--- Exercise aim ---
In the entries below, find the line with "cfblk14 : If" and the line with "cfblk8/1 -> cfblk6/2"; give again those lines and every line between them, exactly.

--- Entries supplied ---
★ ★ ★ ★

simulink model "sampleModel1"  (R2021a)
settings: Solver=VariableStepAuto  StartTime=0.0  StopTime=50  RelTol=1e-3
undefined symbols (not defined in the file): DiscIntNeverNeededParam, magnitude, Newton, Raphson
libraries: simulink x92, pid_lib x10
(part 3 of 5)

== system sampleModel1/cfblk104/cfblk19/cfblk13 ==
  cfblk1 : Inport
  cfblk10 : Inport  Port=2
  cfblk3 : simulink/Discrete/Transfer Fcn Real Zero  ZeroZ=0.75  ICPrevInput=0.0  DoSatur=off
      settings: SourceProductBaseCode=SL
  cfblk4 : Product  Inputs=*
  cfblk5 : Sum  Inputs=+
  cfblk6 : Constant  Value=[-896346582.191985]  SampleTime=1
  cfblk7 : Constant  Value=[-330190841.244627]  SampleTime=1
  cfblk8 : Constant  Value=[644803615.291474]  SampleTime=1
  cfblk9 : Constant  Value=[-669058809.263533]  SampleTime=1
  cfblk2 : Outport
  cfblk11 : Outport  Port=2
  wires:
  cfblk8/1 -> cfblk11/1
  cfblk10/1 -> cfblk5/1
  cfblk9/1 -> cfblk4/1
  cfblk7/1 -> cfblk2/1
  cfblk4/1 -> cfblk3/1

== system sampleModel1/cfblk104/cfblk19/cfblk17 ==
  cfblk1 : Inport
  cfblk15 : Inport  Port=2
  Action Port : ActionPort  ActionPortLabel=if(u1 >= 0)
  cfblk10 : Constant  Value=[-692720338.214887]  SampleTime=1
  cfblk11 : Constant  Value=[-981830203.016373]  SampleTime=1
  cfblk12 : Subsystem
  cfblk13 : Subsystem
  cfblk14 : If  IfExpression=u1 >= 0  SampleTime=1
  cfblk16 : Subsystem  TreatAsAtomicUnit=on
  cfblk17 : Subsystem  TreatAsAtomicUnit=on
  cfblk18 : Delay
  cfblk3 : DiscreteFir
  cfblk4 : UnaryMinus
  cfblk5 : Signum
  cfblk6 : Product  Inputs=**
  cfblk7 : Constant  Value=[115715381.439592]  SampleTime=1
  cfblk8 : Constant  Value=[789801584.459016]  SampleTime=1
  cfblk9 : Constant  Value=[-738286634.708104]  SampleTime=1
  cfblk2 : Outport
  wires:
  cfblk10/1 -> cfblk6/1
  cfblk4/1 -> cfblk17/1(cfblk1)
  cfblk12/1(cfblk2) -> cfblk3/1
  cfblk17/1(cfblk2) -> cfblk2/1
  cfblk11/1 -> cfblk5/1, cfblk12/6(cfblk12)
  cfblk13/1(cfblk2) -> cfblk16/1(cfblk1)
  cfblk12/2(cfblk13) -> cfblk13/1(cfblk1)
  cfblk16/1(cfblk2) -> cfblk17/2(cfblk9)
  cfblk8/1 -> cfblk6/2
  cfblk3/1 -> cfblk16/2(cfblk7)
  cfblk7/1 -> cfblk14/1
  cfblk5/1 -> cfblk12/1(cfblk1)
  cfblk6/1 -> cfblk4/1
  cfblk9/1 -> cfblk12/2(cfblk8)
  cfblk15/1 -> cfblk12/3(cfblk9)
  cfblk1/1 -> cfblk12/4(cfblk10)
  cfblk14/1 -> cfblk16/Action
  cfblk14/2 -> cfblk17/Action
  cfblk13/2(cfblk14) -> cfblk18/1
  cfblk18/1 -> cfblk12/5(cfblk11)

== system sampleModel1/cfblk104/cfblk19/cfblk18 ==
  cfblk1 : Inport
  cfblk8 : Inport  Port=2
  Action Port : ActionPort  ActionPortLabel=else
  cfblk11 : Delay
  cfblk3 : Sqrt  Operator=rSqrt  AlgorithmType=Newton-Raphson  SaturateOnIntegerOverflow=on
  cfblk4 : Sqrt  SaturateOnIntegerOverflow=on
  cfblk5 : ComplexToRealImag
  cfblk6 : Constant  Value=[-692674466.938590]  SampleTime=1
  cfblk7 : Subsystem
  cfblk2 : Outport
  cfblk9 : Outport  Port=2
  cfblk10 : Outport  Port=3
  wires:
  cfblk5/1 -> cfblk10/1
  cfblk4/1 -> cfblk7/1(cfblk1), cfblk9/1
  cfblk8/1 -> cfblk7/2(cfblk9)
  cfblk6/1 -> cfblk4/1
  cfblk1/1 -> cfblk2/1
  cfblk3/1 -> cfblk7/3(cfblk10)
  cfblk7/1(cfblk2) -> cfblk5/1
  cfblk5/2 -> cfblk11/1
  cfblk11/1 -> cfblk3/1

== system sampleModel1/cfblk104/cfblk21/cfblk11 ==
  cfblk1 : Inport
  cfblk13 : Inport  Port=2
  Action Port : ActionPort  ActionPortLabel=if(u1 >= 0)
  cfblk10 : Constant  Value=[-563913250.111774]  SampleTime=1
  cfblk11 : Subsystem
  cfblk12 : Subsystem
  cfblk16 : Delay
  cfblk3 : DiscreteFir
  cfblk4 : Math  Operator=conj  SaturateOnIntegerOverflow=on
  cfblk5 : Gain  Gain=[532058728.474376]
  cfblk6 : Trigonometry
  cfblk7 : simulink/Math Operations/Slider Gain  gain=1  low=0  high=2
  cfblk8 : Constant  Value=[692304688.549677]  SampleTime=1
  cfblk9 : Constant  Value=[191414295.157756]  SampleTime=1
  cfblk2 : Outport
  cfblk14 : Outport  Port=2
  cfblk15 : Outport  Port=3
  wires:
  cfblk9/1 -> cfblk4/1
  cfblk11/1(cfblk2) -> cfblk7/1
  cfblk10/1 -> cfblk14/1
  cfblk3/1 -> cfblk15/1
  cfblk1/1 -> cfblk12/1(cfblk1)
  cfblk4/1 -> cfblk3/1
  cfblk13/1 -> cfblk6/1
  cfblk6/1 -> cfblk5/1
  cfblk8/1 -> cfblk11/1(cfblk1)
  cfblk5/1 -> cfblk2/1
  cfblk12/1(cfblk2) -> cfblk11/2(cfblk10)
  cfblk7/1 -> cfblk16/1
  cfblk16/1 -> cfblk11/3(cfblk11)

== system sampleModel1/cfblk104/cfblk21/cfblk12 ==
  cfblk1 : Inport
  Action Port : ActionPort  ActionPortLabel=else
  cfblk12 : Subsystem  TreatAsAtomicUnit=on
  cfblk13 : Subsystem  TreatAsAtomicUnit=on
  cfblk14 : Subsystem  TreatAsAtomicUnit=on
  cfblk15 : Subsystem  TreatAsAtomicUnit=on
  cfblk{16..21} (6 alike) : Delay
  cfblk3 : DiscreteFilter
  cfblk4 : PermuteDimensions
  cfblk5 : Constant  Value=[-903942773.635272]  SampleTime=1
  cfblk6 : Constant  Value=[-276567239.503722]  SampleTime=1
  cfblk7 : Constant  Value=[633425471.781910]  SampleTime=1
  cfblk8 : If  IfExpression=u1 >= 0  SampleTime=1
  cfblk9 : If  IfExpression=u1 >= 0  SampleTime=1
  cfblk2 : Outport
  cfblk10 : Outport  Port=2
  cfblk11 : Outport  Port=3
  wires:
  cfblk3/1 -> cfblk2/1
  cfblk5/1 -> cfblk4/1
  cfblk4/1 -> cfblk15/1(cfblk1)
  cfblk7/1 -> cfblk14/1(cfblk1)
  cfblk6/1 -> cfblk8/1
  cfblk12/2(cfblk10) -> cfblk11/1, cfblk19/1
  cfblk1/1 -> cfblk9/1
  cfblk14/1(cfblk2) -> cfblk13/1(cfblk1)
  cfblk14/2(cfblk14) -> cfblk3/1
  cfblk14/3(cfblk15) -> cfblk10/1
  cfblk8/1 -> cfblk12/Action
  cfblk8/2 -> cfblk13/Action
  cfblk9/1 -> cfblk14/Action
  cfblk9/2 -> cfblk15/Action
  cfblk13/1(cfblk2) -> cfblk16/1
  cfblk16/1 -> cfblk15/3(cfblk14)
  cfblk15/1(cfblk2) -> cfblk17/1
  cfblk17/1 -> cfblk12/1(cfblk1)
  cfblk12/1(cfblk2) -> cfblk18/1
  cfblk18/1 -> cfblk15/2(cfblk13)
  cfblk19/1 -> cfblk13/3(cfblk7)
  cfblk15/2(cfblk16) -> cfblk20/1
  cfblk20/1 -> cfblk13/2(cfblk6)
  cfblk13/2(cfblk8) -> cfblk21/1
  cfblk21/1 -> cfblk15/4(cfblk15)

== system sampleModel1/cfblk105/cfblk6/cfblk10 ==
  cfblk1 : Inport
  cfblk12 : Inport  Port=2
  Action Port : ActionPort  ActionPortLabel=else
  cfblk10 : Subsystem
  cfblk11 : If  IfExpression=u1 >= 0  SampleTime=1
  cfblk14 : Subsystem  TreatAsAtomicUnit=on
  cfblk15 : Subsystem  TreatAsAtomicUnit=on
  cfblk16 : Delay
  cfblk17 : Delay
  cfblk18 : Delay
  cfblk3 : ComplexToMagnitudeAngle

★ ★ ★ ★

--- Answer ---
  cfblk14 : If  IfExpression=u1 >= 0  SampleTime=1
  cfblk16 : Subsystem  TreatAsAtomicUnit=on
  cfblk17 : Subsystem  TreatAsAtomicUnit=on
  cfblk18 : Delay
  cfblk3 : DiscreteFir
  cfblk4 : UnaryMinus
  cfblk5 : Signum
  cfblk6 : Product  Inputs=**
  cfblk7 : Constant  Value=[115715381.439592]  SampleTime=1
  cfblk8 : Constant  Value=[789801584.459016]  SampleTime=1
  cfblk9 : Constant  Value=[-738286634.708104]  SampleTime=1
  cfblk2 : Outport
  wires:
  cfblk10/1 -> cfblk6/1
  cfblk4/1 -> cfblk17/1(cfblk1)
  cfblk12/1(cfblk2) -> cfblk3/1
  cfblk17/1(cfblk2) -> cfblk2/1
  cfblk11/1 -> cfblk5/1, cfblk12/6(cfblk12)
  cfblk13/1(cfblk2) -> cfblk16/1(cfblk1)
  cfblk12/2(cfblk13) -> cfblk13/1(cfblk1)
  cfblk16/1(cfblk2) -> cfblk17/2(cfblk9)
  cfblk8/1 -> cfblk6/2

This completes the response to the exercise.